## What this task involves
Find the string "alignment" in the records and copy each line where it occurs.

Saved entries
──────────────────────────────

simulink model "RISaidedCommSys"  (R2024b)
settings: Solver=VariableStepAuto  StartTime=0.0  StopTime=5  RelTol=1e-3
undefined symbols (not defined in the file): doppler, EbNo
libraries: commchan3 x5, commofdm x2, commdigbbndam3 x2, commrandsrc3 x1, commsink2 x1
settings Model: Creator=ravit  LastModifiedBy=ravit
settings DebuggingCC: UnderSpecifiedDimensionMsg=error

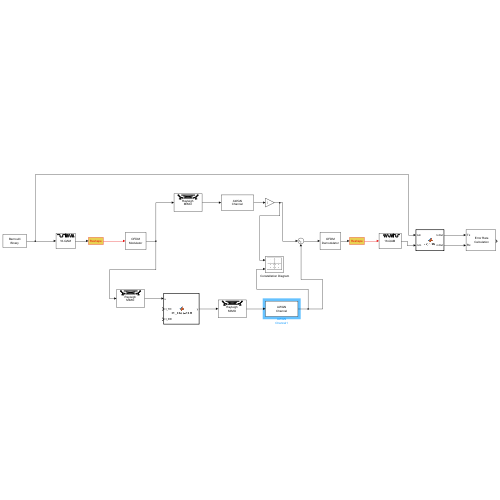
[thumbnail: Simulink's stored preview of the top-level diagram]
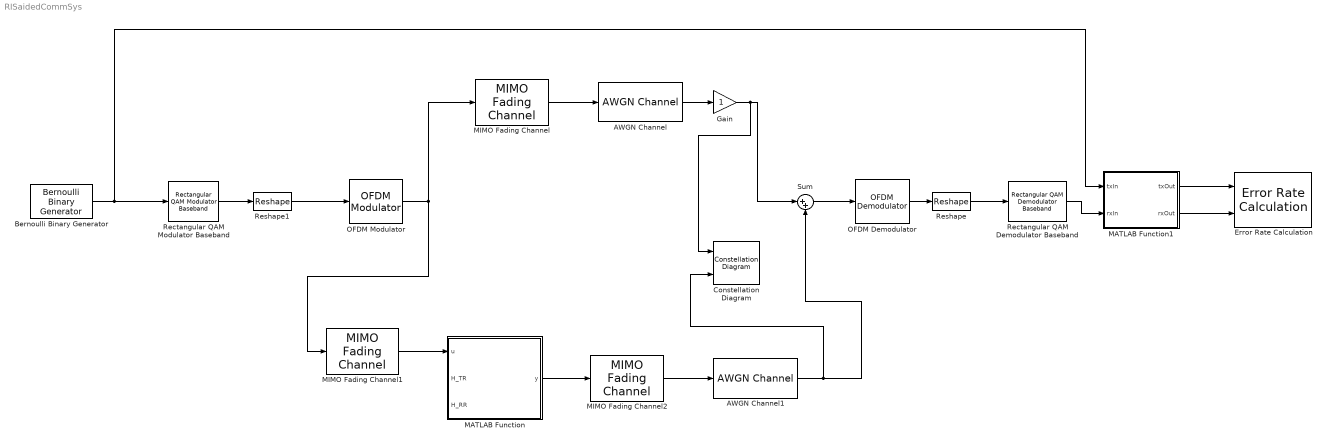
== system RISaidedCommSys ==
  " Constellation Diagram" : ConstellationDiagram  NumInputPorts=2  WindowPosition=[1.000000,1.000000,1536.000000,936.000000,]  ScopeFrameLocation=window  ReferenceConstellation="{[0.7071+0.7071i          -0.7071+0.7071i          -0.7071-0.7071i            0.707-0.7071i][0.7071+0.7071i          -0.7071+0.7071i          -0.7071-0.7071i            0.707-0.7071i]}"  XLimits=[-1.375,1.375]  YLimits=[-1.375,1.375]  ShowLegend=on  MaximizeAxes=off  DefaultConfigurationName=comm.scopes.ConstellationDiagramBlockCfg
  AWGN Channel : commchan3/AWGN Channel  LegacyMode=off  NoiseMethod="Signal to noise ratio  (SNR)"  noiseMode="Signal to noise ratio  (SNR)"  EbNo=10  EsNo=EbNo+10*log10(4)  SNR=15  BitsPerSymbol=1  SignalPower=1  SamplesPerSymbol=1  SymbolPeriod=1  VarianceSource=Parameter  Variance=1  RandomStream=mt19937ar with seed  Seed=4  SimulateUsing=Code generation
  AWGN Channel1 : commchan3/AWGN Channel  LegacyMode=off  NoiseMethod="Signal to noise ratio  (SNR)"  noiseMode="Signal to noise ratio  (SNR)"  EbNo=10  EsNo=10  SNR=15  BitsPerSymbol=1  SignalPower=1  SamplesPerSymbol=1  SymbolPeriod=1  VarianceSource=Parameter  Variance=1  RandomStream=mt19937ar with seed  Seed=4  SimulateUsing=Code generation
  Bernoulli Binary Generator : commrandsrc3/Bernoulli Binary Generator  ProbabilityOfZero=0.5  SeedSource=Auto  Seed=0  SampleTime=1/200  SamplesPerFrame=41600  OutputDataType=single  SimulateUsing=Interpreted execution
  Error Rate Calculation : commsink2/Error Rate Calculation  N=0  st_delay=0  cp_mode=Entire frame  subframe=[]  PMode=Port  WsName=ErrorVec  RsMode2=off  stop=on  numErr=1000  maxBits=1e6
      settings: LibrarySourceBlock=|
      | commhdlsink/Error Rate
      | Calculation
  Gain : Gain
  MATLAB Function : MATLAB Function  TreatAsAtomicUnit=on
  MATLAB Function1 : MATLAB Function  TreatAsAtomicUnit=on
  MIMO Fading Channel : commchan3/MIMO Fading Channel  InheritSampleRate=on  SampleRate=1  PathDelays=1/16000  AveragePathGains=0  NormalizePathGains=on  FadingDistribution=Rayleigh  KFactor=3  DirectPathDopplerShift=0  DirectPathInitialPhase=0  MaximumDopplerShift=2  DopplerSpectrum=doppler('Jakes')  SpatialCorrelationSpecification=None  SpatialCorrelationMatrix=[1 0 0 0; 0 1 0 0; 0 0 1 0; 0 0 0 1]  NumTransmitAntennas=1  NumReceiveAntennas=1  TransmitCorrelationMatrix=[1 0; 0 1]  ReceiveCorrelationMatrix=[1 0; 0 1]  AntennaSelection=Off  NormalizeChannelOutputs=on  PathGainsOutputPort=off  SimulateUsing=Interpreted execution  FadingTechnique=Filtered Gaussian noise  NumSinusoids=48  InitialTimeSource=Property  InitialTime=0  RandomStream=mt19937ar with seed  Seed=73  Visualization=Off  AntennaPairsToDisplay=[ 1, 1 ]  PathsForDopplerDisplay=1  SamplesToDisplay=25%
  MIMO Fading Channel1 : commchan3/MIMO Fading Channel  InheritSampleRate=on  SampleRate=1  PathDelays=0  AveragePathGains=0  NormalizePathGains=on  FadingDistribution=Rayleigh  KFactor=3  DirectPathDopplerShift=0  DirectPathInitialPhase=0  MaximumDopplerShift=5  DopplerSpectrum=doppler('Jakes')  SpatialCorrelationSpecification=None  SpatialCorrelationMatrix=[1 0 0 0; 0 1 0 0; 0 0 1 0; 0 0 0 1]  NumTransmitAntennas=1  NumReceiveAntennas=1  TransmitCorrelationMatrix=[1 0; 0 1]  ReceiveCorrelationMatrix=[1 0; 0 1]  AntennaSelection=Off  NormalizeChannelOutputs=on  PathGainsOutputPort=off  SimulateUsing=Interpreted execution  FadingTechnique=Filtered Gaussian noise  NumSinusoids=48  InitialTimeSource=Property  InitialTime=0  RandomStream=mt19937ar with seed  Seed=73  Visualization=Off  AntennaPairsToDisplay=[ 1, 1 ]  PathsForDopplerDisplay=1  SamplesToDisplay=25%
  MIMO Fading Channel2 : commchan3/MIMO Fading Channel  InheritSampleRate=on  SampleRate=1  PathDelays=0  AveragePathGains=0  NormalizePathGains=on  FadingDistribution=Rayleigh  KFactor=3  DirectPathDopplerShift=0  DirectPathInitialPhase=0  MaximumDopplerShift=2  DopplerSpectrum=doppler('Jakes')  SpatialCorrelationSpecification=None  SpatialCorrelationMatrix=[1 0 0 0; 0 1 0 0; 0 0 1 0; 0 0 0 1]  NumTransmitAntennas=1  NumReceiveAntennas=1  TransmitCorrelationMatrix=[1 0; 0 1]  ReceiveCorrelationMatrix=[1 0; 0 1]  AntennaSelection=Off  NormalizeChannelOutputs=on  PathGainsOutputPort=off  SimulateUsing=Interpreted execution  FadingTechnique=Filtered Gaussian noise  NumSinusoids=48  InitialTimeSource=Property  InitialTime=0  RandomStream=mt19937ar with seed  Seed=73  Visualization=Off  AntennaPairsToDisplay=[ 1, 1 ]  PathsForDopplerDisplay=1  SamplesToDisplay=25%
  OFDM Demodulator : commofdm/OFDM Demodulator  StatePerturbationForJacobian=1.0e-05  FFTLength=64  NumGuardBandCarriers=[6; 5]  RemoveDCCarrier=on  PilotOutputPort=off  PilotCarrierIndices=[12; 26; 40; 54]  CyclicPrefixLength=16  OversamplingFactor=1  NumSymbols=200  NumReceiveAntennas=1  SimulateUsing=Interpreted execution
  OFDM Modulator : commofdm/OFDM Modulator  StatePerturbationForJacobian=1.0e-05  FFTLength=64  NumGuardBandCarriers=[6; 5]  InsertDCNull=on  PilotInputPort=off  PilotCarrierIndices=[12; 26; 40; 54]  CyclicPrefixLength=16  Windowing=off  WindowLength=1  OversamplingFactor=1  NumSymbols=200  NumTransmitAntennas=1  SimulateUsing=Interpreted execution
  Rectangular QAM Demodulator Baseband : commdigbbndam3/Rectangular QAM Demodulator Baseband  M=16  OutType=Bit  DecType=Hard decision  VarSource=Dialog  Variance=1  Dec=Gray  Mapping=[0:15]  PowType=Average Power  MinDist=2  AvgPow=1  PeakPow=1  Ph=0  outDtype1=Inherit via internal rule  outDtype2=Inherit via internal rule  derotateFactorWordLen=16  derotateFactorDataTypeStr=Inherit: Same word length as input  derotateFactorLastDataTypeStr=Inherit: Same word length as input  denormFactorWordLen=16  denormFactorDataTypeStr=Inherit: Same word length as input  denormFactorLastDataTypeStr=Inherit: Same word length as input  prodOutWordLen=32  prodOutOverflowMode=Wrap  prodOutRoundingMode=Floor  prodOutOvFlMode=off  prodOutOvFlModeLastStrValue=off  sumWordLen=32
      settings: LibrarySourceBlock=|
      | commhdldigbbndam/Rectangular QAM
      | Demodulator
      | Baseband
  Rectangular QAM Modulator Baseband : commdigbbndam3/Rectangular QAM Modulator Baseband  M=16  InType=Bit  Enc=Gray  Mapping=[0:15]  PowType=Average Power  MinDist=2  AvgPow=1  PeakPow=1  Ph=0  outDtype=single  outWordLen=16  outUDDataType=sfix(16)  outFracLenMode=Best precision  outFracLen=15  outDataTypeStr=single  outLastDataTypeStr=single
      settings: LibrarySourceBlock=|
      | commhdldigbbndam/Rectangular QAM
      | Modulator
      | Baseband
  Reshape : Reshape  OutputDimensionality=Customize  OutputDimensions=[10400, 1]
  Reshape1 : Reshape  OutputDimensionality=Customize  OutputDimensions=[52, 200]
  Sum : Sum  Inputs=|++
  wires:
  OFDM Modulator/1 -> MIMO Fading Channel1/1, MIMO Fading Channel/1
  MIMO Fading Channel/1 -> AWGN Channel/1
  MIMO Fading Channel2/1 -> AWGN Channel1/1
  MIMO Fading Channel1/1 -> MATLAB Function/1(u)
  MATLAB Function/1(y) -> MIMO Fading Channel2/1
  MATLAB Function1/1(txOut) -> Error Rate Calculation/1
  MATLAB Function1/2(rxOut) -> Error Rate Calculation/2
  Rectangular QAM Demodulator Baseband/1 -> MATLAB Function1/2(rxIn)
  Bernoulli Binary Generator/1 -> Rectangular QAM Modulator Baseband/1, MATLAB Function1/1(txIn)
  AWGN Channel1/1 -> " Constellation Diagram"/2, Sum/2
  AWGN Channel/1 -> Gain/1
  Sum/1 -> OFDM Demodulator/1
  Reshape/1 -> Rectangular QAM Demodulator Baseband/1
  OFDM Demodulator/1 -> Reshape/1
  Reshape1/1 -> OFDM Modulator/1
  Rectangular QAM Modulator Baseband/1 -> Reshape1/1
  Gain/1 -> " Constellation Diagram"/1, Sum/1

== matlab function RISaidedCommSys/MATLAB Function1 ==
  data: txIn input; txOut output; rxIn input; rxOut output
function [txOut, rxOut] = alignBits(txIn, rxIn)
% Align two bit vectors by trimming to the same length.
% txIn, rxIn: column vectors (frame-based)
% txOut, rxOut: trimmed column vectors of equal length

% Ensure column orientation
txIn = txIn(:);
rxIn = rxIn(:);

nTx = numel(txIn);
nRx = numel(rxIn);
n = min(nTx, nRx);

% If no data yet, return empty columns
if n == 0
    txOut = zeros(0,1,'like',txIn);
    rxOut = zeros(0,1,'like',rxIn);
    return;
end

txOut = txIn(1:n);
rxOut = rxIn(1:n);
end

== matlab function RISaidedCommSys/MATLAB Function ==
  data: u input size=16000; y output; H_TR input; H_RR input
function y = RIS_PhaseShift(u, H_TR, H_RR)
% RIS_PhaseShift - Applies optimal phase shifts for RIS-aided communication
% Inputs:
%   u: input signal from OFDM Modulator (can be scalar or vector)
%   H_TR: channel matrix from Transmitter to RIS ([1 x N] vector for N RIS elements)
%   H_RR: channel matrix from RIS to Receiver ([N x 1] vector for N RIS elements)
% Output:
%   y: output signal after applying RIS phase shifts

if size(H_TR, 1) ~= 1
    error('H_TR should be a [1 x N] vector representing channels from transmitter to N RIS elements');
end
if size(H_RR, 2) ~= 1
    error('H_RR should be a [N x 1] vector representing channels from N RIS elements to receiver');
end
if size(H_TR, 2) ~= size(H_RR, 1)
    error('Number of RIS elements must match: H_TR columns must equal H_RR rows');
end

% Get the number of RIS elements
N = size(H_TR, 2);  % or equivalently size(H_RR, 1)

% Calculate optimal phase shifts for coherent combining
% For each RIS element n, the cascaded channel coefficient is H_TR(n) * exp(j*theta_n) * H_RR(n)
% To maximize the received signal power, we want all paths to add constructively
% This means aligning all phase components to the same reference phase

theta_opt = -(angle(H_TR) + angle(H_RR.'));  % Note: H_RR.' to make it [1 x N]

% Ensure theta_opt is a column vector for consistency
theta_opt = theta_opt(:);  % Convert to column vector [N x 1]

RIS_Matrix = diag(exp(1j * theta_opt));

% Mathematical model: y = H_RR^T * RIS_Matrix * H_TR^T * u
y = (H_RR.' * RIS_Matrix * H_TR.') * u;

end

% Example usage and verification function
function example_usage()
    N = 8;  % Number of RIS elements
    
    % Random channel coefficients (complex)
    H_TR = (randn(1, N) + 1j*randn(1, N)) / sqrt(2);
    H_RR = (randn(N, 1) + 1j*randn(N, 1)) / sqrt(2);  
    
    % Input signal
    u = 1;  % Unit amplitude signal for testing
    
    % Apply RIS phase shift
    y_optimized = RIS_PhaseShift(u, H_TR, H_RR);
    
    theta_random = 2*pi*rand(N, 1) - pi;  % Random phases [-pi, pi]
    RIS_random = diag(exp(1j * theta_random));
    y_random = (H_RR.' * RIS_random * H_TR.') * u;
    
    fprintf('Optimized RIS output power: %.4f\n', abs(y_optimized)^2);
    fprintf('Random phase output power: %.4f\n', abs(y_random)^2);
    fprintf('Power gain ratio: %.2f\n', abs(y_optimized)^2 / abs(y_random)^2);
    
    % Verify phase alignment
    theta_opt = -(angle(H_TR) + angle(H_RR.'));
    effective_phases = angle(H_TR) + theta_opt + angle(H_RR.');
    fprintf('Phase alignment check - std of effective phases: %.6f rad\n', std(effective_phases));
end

──────────────────────────────

## Exercise response
    % Verify phase alignment
    fprintf('Phase alignment check - std of effective phases: %.6f rad\n', std(effective_phases));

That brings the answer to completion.